Nel 1966, lo psicologo James J. Gibson esponendo la sua teoria sulla percezione scrive: “Gli scienziati che si occupavano di ottica sapevano tutto della luce come radiazione, ma non della luce  considerata come fenomeno di illuminazione. Gli anatomisti conoscevano l’occhio come organo, ma erano all’oscuro di quanto esso è in grado di fare. I fisiologi conoscevano le cellule nervose retiniche e il loro funzionamento, ma ignoravano il modo in cui operava il sistema visivo. Tutte le loro conoscenze mi apparivano prive di rilievo. Potere creare degli oleogrammi, prescrivere degli occhiali, curare malattie dell’occhio sono tutte splendide realizzazioni: tuttavia non possono spiegare il fenomeno della visione.”

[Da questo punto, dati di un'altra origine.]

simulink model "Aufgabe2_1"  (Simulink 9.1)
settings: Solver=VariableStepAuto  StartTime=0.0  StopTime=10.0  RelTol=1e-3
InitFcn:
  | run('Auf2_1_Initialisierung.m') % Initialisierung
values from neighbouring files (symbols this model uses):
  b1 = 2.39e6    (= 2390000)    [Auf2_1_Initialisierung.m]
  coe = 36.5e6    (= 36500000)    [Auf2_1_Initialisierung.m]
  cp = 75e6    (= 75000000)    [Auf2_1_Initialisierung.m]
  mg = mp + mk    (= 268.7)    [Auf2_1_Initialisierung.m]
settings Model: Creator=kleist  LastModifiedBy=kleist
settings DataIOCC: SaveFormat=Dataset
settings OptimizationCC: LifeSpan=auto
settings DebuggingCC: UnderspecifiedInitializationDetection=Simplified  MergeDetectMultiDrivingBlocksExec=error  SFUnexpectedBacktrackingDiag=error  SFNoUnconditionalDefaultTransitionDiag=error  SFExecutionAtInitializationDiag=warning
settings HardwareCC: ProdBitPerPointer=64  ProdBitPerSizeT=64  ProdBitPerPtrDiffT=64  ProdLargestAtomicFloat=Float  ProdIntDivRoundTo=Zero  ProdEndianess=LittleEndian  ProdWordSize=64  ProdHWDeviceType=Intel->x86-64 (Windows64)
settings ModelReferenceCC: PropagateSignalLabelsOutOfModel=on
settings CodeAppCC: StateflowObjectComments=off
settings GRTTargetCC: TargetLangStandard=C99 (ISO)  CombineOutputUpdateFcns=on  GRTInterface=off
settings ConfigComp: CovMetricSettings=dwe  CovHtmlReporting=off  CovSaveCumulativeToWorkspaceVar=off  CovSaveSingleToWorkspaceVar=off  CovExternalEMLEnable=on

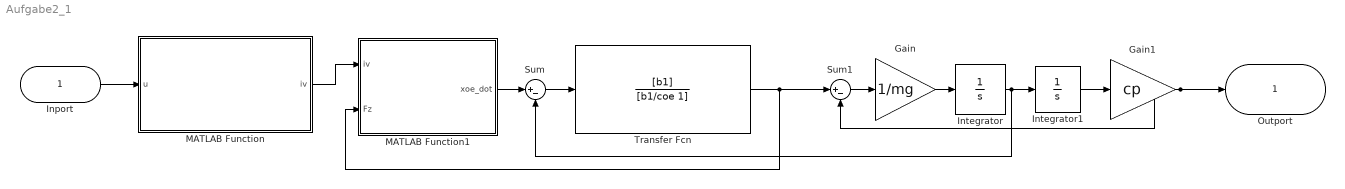
== system Aufgabe2_1 ==
  Inport : Inport
  Gain : Gain  Gain=1/mg
  Gain1 : Gain  Gain=cp
  Integrator : Integrator
  Integrator1 : Integrator
  MATLAB Function : MATLAB Function  TreatAsAtomicUnit=on
  MATLAB Function1 : MATLAB Function  TreatAsAtomicUnit=on
  Sum : Sum  Inputs=|+-
  Sum1 : Sum  Inputs=|+-
  Transfer Fcn : TransferFcn  Numerator=[b1]  Denominator=[b1/coe 1]
  Outport : Outport
  wires:
  Inport/1 -> MATLAB Function/1(u)
  MATLAB Function/1(iv) -> MATLAB Function1/1(iv)
  MATLAB Function1/1(xoe_dot) -> Sum/1
  Sum/1 -> Transfer Fcn/1
  Transfer Fcn/1 -> Sum1/1, MATLAB Function1/2(Fz)
  Sum1/1 -> Gain/1
  Gain/1 -> Integrator/1
  Integrator/1 -> Sum/2, Integrator1/1
  Integrator1/1 -> Gain1/1
  Gain1/1 -> Sum1/2, Outport/1

== matlab function MATLAB Function1 ==
  data: iv input double; xoe_dot output double; Fz input double
function xoe_dot = fcn(iv,Fz)
Ksv = 0.796;%[m/As]
FN = 63000;%[N]
A = 1-Fz/FN*sign(iv);
if A > 0
    xoe_dot = iv*Ksv*sqrt(A);
else
    xoe_dot = 0;
end

== matlab function MATLAB Function ==
  settings: updateMethod=DISCRETE
  data: u input double; iv output double; ivmax data_store_memory double; Kl data_store_memory double
function iv = fcn(u)
Kl = 1; %[A/V]
ivmax = 1;%[A]
if u>1
    iv = ivmax;
elseif u>=-1 &&u<=1
    iv = Kl*u;
else
    iv = -ivmax;
end

Nel 2009 gli scienziati Rizzolati e Sinigallia, nel libro in cui svelano l’esistenza dei neuroni specchio, descrivono così la relazione tra spazio e visione:

  • “Per raggiungere un oggetto dobbiamo prima localizzarlo, cioè misurare la sua posizione rispetto a noi. Il cervello deve prima codificare la relazione spaziale tra il nostro braccio e l’oggetto prima di tradurre in atti motori.
  • Lo spazio visivo è codificato da una molteplicità di sistemi di riferimento corporei diversi, distribuiti a seconda del campo recettivo somatosensoriale corrispondente (sistemi di coordinate centrati sulla testa, sul collo, sul braccio, sulla mano…).
  • Eccetto che per compiti molto elementari, il sistema oculomotorio richiede un sistema di coordinate che calcoli la posizione degli oggetti nello spazio rispetto all’osservatore e non solo la loro posizione sulla retina.”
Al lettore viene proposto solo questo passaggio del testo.